Evolution cultures were propagated from fresh cultures of the wild-type E. coli strain K-12 MG1655 from the American Type Culture Collection (Rockville, MD). Cultures were conducted in 250 mL of M9 minimal medium supplemented with 2 g/L of lactate or glycerol in covered 500-mL Erlenmeyer flasks using magnetic stir bars for aeration (Ibarra et al. 2004) at 30°C. The cells were grown overnight and allowed to reach mid-exponential growth (A600 ≤ 0.5) before being diluted by passage into fresh medium. Passage of each culture into fresh medium was conducted in a biosafety cabinet using standard sterile technique practices. The amount of dilution at each passage was adjusted daily to account for changes in growth rate (typically between 5 × 105 and 5 × 108 cells were passed during each inoculation) shown in Figure 1. The optical density (OD) following dilution typically had an absorbance of A600 ≤ 2.4 × 10-6. Batch growth and serial passage were conducted for 60 days for all lactate cultures (∼1000 generations) and for 44 days for all glycerol cultures (∼600 generations), at which point a stable growth rate was achieved. Evolution populations were generated in identical conditions in four batches: (1) populations Lac2 and Lac3 (Fong et al. 2003); (2) populations LacA, LacB, LacC, LacD, and LacE; (3) populations Gly1 and Gly2 (Ibarra et al. 2002); and (4) populations GlyA, GlyB, GlyC, GlyD, and GlyE. Serial passage also maintained a state of prolonged exponential growth such that each culture never entered stationary phase. Throughout the course of evolution, samples of each evolution population were flash frozen using liquid nitrogen and stored in a freezer at -80°C.

Phenotype testing

Phenotypic characterization of the evolved cultures was conducted at day 0, at day 20, and at the endpoint of evolution to quantitatively determine the phenotypic changes during the adaptive evolutionary process. For each time point examined, pre-cultures were grown overnight and used to inoculate fresh medium for a batch culture. The GR, SUR, and OUR were measured throughout the course of exponential growth (Ibarra et al. 2004) by periodic sampling of each batch culture. The GR was determined by measuring the OD of growing cultures over time using a spectrophotometer (A600 and A420). The SUR was determined by monitoring the depletion of the carbon source in filtered media samples over time with UV detection by HPLC or an enzymatic assay. The OUR was determined by measuring the dissolved oxygen depletion in a respirometer with a polaro-graphic dissolved oxygen probe. Biomass correlations were determined by measuring the optical density of the culture and filtering a set volume of culture onto a preweighed filter that was weighed after being dried to constant weight. All phenotype testing was performed in replicate.

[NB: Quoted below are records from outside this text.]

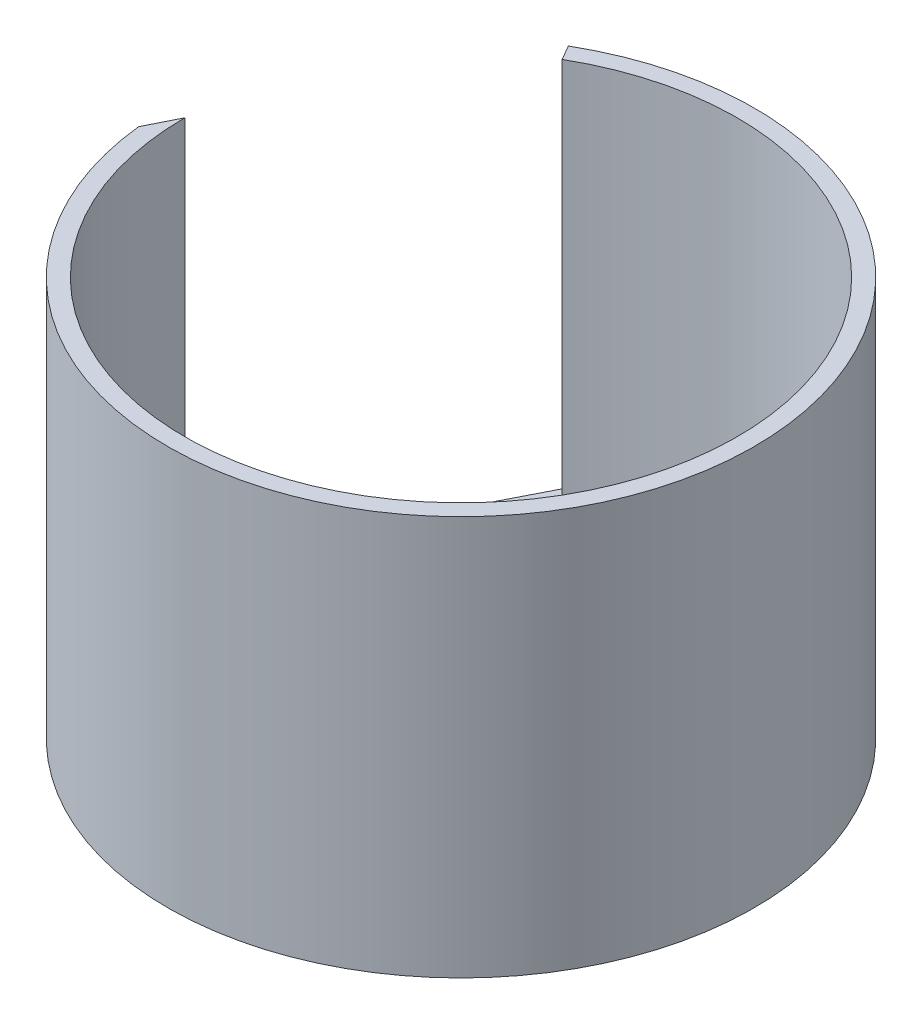
ISO-10303-21;
HEADER;
FILE_DESCRIPTION(('STEP AP214'),'2;1');
FILE_NAME('part.step','',(''),(''),'','','');
FILE_SCHEMA(('AUTOMOTIVE_DESIGN { 1 0 10303 214 1 1 1 1 }'));
ENDSEC;
DATA;
#1=APPLICATION_CONTEXT('core data for automotive mechanical design processes');
#2=APPLICATION_PROTOCOL_DEFINITION('international standard','automotive_design',2000,#1);
#3=PRODUCT_CONTEXT('',#1,'mechanical');
#4=PRODUCT('Part','Part','',(#3));
#5=PRODUCT_RELATED_PRODUCT_CATEGORY('part','',(#4));
#6=PRODUCT_DEFINITION_FORMATION('','',#4);
#7=PRODUCT_DEFINITION_CONTEXT('part definition',#1,'design');
#8=PRODUCT_DEFINITION('design','',#6,#7);
#9=PRODUCT_DEFINITION_SHAPE('','',#8);
#10=(LENGTH_UNIT() NAMED_UNIT(*) SI_UNIT(.MILLI.,.METRE.));
#11=(NAMED_UNIT(*) PLANE_ANGLE_UNIT() SI_UNIT($,.RADIAN.));
#12=(NAMED_UNIT(*) SI_UNIT($,.STERADIAN.) SOLID_ANGLE_UNIT());
#13=UNCERTAINTY_MEASURE_WITH_UNIT(LENGTH_MEASURE(1.E-05),#10,'distance_accuracy_value','');
#14=(GEOMETRIC_REPRESENTATION_CONTEXT(3) GLOBAL_UNCERTAINTY_ASSIGNED_CONTEXT((#13)) GLOBAL_UNIT_ASSIGNED_CONTEXT((#10,
#11,#12)) REPRESENTATION_CONTEXT('',''));
#15=CARTESIAN_POINT('',(0.,0.,0.));
#16=DIRECTION('',(0.,0.,1.));
#17=DIRECTION('',(1.,0.,0.));
#18=AXIS2_PLACEMENT_3D('',#15,#16,#17);
#19=CARTESIAN_POINT('',(0.,0.,0.));
#20=DIRECTION('',(0.,1.,0.));
#21=DIRECTION('',(0.,0.,1.));
#22=AXIS2_PLACEMENT_3D('',#19,#20,#21);
#23=PLANE('',#22);
#24=DIRECTION('',(0.453821251934598,0.,-0.891092740006625));
#25=VECTOR('',#24,1.);
#26=CARTESIAN_POINT('',(-21.9074999999999,0.,-37.9449030668152));
#27=LINE('',#26,#25);
#28=CARTESIAN_POINT('',(-43.5732338645555,0.,4.5964677291109));
#29=VERTEX_POINT('',#28);
#30=CARTESIAN_POINT('',(-41.2749152461669,0.,0.0836446157427145));
#31=VERTEX_POINT('',#30);
#32=EDGE_CURVE('E53',#29,#31,#27,.T.);
#33=ORIENTED_EDGE('',*,*,#32,.F.);
#34=DIRECTION('',(0.447213595499956,0.,-0.894427190999917));
#35=VECTOR('',#34,1.);
#36=CARTESIAN_POINT('',(-41.275,0.,0.));
#37=LINE('',#36,#35);
#38=CARTESIAN_POINT('',(-41.275,0.,0.));
#39=VERTEX_POINT('',#38);
#40=EDGE_CURVE('E12',#29,#39,#37,.T.);
#41=ORIENTED_EDGE('',*,*,#40,.T.);
#42=CARTESIAN_POINT('',(0.,0.,0.));
#43=DIRECTION('',(0.,1.,0.));
#44=DIRECTION('',(0.,0.,1.));
#45=AXIS2_PLACEMENT_3D('',#42,#43,#44);
#46=CIRCLE('',#45,41.275);
#47=EDGE_CURVE('E129',#39,#31,#46,.T.);
#48=ORIENTED_EDGE('',*,*,#47,.T.);
#49=EDGE_LOOP('',(#33,#41,#48));
#50=FACE_BOUND('',#49,.T.);
#51=ADVANCED_FACE('F39',(#50),#23,.F.);
#52=CARTESIAN_POINT('',(0.,57.15,0.));
#53=DIRECTION('',(0.,1.,0.));
#54=DIRECTION('',(0.,0.,1.));
#55=AXIS2_PLACEMENT_3D('',#52,#53,#54);
#56=PLANE('',#55);
#57=CARTESIAN_POINT('',(0.,57.15,0.));
#58=DIRECTION('',(0.,1.,0.));
#59=DIRECTION('',(0.,0.,1.));
#60=AXIS2_PLACEMENT_3D('',#57,#58,#59);
#61=CIRCLE('',#60,41.275);
#62=CARTESIAN_POINT('',(-41.275,57.15,0.));
#63=VERTEX_POINT('',#62);
#64=CARTESIAN_POINT('',(-20.6374999999999,57.15,-35.7451985412028));
#65=VERTEX_POINT('',#64);
#66=EDGE_CURVE('E125',#63,#65,#61,.T.);
#67=ORIENTED_EDGE('',*,*,#66,.F.);
#68=DIRECTION('',(-0.447213595499956,0.,0.894427190999917));
#69=VECTOR('',#68,1.);
#70=CARTESIAN_POINT('',(-33.0200000000001,57.15,-16.5099999999999));
#71=LINE('',#70,#69);
#72=CARTESIAN_POINT('',(-43.5732338645554,57.15,4.5964677291109));
#73=VERTEX_POINT('',#72);
#74=EDGE_CURVE('E61',#63,#73,#71,.T.);
#75=ORIENTED_EDGE('',*,*,#74,.T.);
#76=CARTESIAN_POINT('',(0.,57.15,0.));
#77=DIRECTION('',(0.,1.,0.));
#78=DIRECTION('',(1.,0.,0.));
#79=AXIS2_PLACEMENT_3D('',#76,#77,#78);
#80=CIRCLE('',#79,43.815);
#81=CARTESIAN_POINT('',(-21.9074999999999,57.15,-37.9449030668152));
#82=VERTEX_POINT('',#81);
#83=EDGE_CURVE('E128',#73,#82,#80,.T.);
#84=ORIENTED_EDGE('',*,*,#83,.T.);
#85=DIRECTION('',(-0.499999999999998,0.,-0.86602540378444));
#86=VECTOR('',#85,1.);
#87=CARTESIAN_POINT('',(-20.6374999999999,57.15,-35.7451985412028));
#88=LINE('',#87,#86);
#89=EDGE_CURVE('E106',#65,#82,#88,.T.);
#90=ORIENTED_EDGE('',*,*,#89,.F.);
#91=EDGE_LOOP('',(#67,#75,#84,#90));
#92=FACE_BOUND('',#91,.T.);
#93=ADVANCED_FACE('F133',(#92),#56,.T.);
#94=CARTESIAN_POINT('',(0.,57.15,0.));
#95=DIRECTION('',(0.,-1.,0.));
#96=DIRECTION('',(0.,0.,-1.));
#97=AXIS2_PLACEMENT_3D('',#94,#95,#96);
#98=CYLINDRICAL_SURFACE('',#97,43.815);
#99=ORIENTED_EDGE('',*,*,#83,.F.);
#100=DIRECTION('',(0.,-1.,0.));
#101=VECTOR('',#100,1.);
#102=CARTESIAN_POINT('',(-43.5732338645555,57.15,4.5964677291109));
#103=LINE('',#102,#101);
#104=EDGE_CURVE('E47',#73,#29,#103,.T.);
#105=ORIENTED_EDGE('',*,*,#104,.T.);
#106=DIRECTION('',(0.,1.,0.));
#107=VECTOR('',#106,1.);
#108=CARTESIAN_POINT('',(-43.5732338645555,-2.54,4.5964677291109));
#109=LINE('',#108,#107);
#110=CARTESIAN_POINT('',(-43.5732338645555,-2.54,4.5964677291109));
#111=VERTEX_POINT('',#110);
#112=EDGE_CURVE('E92',#111,#29,#109,.T.);
#113=ORIENTED_EDGE('',*,*,#112,.F.);
#114=CARTESIAN_POINT('',(0.,-2.54,0.));
#115=DIRECTION('',(0.,-1.,0.));
#116=DIRECTION('',(0.,0.,-1.));
#117=AXIS2_PLACEMENT_3D('',#114,#115,#116);
#118=CIRCLE('',#117,43.815);
#119=CARTESIAN_POINT('',(-21.9074999999999,-2.54,-37.9449030668152));
#120=VERTEX_POINT('',#119);
#121=EDGE_CURVE('E98',#120,#111,#118,.T.);
#122=ORIENTED_EDGE('',*,*,#121,.F.);
#123=DIRECTION('',(0.,1.,0.));
#124=VECTOR('',#123,1.);
#125=CARTESIAN_POINT('',(-21.9074999999999,-2.54,-37.9449030668152));
#126=LINE('',#125,#124);
#127=CARTESIAN_POINT('',(-21.9074999999999,0.,-37.9449030668152));
#128=VERTEX_POINT('',#127);
#129=EDGE_CURVE('E95',#120,#128,#126,.T.);
#130=ORIENTED_EDGE('',*,*,#129,.T.);
#131=DIRECTION('',(0.,1.,0.));
#132=VECTOR('',#131,1.);
#133=CARTESIAN_POINT('',(-21.9074999999999,0.,-37.9449030668152));
#134=LINE('',#133,#132);
#135=EDGE_CURVE('E121',#128,#82,#134,.T.);
#136=ORIENTED_EDGE('',*,*,#135,.T.);
#137=EDGE_LOOP('',(#99,#105,#113,#122,#130,#136));
#138=FACE_BOUND('',#137,.T.);
#139=ADVANCED_FACE('F103',(#138),#98,.T.);
#140=CARTESIAN_POINT('',(0.,57.15,0.));
#141=DIRECTION('',(0.,-1.,0.));
#142=DIRECTION('',(0.,0.,-1.));
#143=AXIS2_PLACEMENT_3D('',#140,#141,#142);
#144=CYLINDRICAL_SURFACE('',#143,41.275);
#145=DIRECTION('',(0.,1.,0.));
#146=VECTOR('',#145,1.);
#147=CARTESIAN_POINT('',(-41.275,0.,0.));
#148=LINE('',#147,#146);
#149=EDGE_CURVE('E117',#39,#63,#148,.T.);
#150=ORIENTED_EDGE('',*,*,#149,.T.);
#151=ORIENTED_EDGE('',*,*,#66,.T.);
#152=DIRECTION('',(0.,1.,0.));
#153=VECTOR('',#152,1.);
#154=CARTESIAN_POINT('',(-20.6374999999999,0.,-35.7451985412028));
#155=LINE('',#154,#153);
#156=CARTESIAN_POINT('',(-20.6374999999999,0.,-35.7451985412027));
#157=VERTEX_POINT('',#156);
#158=EDGE_CURVE('E115',#157,#65,#155,.T.);
#159=ORIENTED_EDGE('',*,*,#158,.F.);
#160=EDGE_CURVE('E120',#31,#157,#46,.T.);
#161=ORIENTED_EDGE('',*,*,#160,.F.);
#162=ORIENTED_EDGE('',*,*,#47,.F.);
#163=EDGE_LOOP('',(#150,#151,#159,#161,#162));
#164=FACE_BOUND('',#163,.T.);
#165=ADVANCED_FACE('F140',(#164),#144,.F.);
#166=CARTESIAN_POINT('',(-20.6374999999999,0.,-35.7451985412028));
#167=DIRECTION('',(0.86602540378444,0.,-0.499999999999998));
#168=DIRECTION('',(-0.499999999999998,0.,-0.86602540378444));
#169=AXIS2_PLACEMENT_3D('',#166,#167,#168);
#170=PLANE('',#169);
#171=ORIENTED_EDGE('',*,*,#89,.T.);
#172=ORIENTED_EDGE('',*,*,#135,.F.);
#173=DIRECTION('',(-0.499999999999998,0.,-0.86602540378444));
#174=VECTOR('',#173,1.);
#175=CARTESIAN_POINT('',(-20.6374999999999,0.,-35.7451985412028));
#176=LINE('',#175,#174);
#177=EDGE_CURVE('E109',#157,#128,#176,.T.);
#178=ORIENTED_EDGE('',*,*,#177,.F.);
#179=ORIENTED_EDGE('',*,*,#158,.T.);
#180=EDGE_LOOP('',(#171,#172,#178,#179));
#181=FACE_BOUND('',#180,.T.);
#182=ADVANCED_FACE('F135',(#181),#170,.F.);
#183=CARTESIAN_POINT('',(-41.275,57.15,0.));
#184=DIRECTION('',(-0.894427190999917,0.,-0.447213595499956));
#185=DIRECTION('',(0.,-1.,0.));
#186=AXIS2_PLACEMENT_3D('',#183,#184,#185);
#187=PLANE('',#186);
#188=ORIENTED_EDGE('',*,*,#40,.F.);
#189=ORIENTED_EDGE('',*,*,#104,.F.);
#190=ORIENTED_EDGE('',*,*,#74,.F.);
#191=ORIENTED_EDGE('',*,*,#149,.F.);
#192=EDGE_LOOP('',(#188,#189,#190,#191));
#193=FACE_BOUND('',#192,.T.);
#194=ADVANCED_FACE('F41',(#193),#187,.T.);
#195=CARTESIAN_POINT('',(0.,0.,0.));
#196=DIRECTION('',(0.,-1.,0.));
#197=DIRECTION('',(0.,0.,-1.));
#198=AXIS2_PLACEMENT_3D('',#195,#196,#197);
#199=PLANE('',#198);
#200=EDGE_CURVE('E145',#31,#128,#27,.T.);
#201=ORIENTED_EDGE('',*,*,#200,.F.);
#202=ORIENTED_EDGE('',*,*,#160,.T.);
#203=ORIENTED_EDGE('',*,*,#177,.T.);
#204=EDGE_LOOP('',(#201,#202,#203));
#205=FACE_BOUND('',#204,.T.);
#206=ADVANCED_FACE('F144',(#205),#199,.F.);
#207=CARTESIAN_POINT('',(-21.9074999999999,-2.54,-37.9449030668152));
#208=DIRECTION('',(0.891092740006625,0.,0.453821251934598));
#209=DIRECTION('',(0.453821251934598,0.,-0.891092740006625));
#210=AXIS2_PLACEMENT_3D('',#207,#208,#209);
#211=PLANE('',#210);
#212=ORIENTED_EDGE('',*,*,#32,.T.);
#213=ORIENTED_EDGE('',*,*,#200,.T.);
#214=ORIENTED_EDGE('',*,*,#129,.F.);
#215=DIRECTION('',(0.453821251934598,0.,-0.891092740006625));
#216=VECTOR('',#215,1.);
#217=CARTESIAN_POINT('',(-21.9074999999999,-2.54,-37.9449030668152));
#218=LINE('',#217,#216);
#219=EDGE_CURVE('E88',#111,#120,#218,.T.);
#220=ORIENTED_EDGE('',*,*,#219,.F.);
#221=ORIENTED_EDGE('',*,*,#112,.T.);
#222=EDGE_LOOP('',(#212,#213,#214,#220,#221));
#223=FACE_BOUND('',#222,.T.);
#224=ADVANCED_FACE('F90',(#223),#211,.F.);
#225=CARTESIAN_POINT('',(0.,-2.54,0.));
#226=DIRECTION('',(0.,-1.,0.));
#227=DIRECTION('',(0.,0.,-1.));
#228=AXIS2_PLACEMENT_3D('',#225,#226,#227);
#229=PLANE('',#228);
#230=ORIENTED_EDGE('',*,*,#121,.T.);
#231=ORIENTED_EDGE('',*,*,#219,.T.);
#232=EDGE_LOOP('',(#230,#231));
#233=FACE_BOUND('',#232,.T.);
#234=ADVANCED_FACE('F100',(#233),#229,.T.);
#235=CLOSED_SHELL('',(#51,#93,#139,#165,#182,#194,#206,#224,#234));
#236=MANIFOLD_SOLID_BREP('B2',#235);
#237=ADVANCED_BREP_SHAPE_REPRESENTATION('',(#18,#236),#14);
#238=SHAPE_DEFINITION_REPRESENTATION(#9,#237);
ENDSEC;
END-ISO-10303-21;

Growth on alternative carbon sources was evaluated using the Bioscreen C plate-reader system (Thermo Labsystems, Franklin, MA). This system measures the optical density of up to 200 cultures (using two 100-well plates) for each experiment in a temperature-controlled environment. For each experiment conducted on the Bioscreen C system, pre-cultures were grown overnight and allowed to reach mid-exponential growth (A600 ≤ 0.5). Approximately 5-7 μL of these cultures were used to inoculate the multi-well Bioscreen C plates containing 300 μL of medium, yielding an initial A600 OD between 0.06 and 0.07. Each experimental run was conducted with an associated negative control sample containing blank medium and a positive control sample with wild-type cells. Growth on nine different carbon sources (acetate, alpha-ketoglutarate, glucose, glycerol, lactate, malate, pyruvate, ribose, and succinate) was tested. The plates were incubated at 30°C and monitored in the Bioscreen C system for a period of 24-48 hours, taking measurements every 15 minutes with continuous shaking between measurements. Growth rates were averaged across a minimum of four replicate cultures with as many as 12 replicates being conducted for some conditions. Replicate growth rate measurements varied by >5%.

Transcriptional analysis

Affymetrix E. coli Antisense Genome Arrays were used for all transcriptional analyses. Each experimental condition was tested in triplicate on the carbon source used for evolution (glycerol or lactate) using independent cultures and processed following the manufacturer-recommended protocols. Although different experimental designs could be used to study the adaptive and time-course responses, analyses in this study used two different types of controls. Three replicates of the wild-type strain grown on glucose were used as a common reference point for all experiments, and replicates of the unevolved wild-type strain grown on either glycerol or lactate were used as a baseline for each evolution experiment. Overall, 96 genome-wide expression profiles were generated in this study (3 wild-type glucose controls, 3 wild-type glycerol controls, 6 wild-type lactate controls, 21 day-20 glycerol profiles, 21 day-44 glycerol profiles, 21 day-20 lactate profiles, and 21 day-60 lactate profiles). All replicate expression profiles were biological replicates. General reproducibility of the expression profiles was assessed using the six replicates of the wild-type strain grown on lactate. No significant differential expression was observed when the profiles were divided into two groups of three and compared with each other via the same procedure used throughout this study (all possible combinations tested, data not shown). Cultures were grown to mid-exponential growth phase (OD A600 ≈ 0.5). Culture (3 mL) was added to 6 mL of RNAprotect (Qiagen), and RNA was isolated using RNeasy kits (Qiagen) following the manufacturer's instructions. Total RNA yields were measured using a spectrophotometer (A260) and quality was checked by visualization on agarose gels and by measuring the sample A260/A280 ratio. cDNA synthesis, fragmentation, and terminal labeling were conducted as recommended by Affymetrix. Raw .CEL files were analyzed using robust multi-array average (Irizarry et al. 2003) for normalization and calculation of probe intensities.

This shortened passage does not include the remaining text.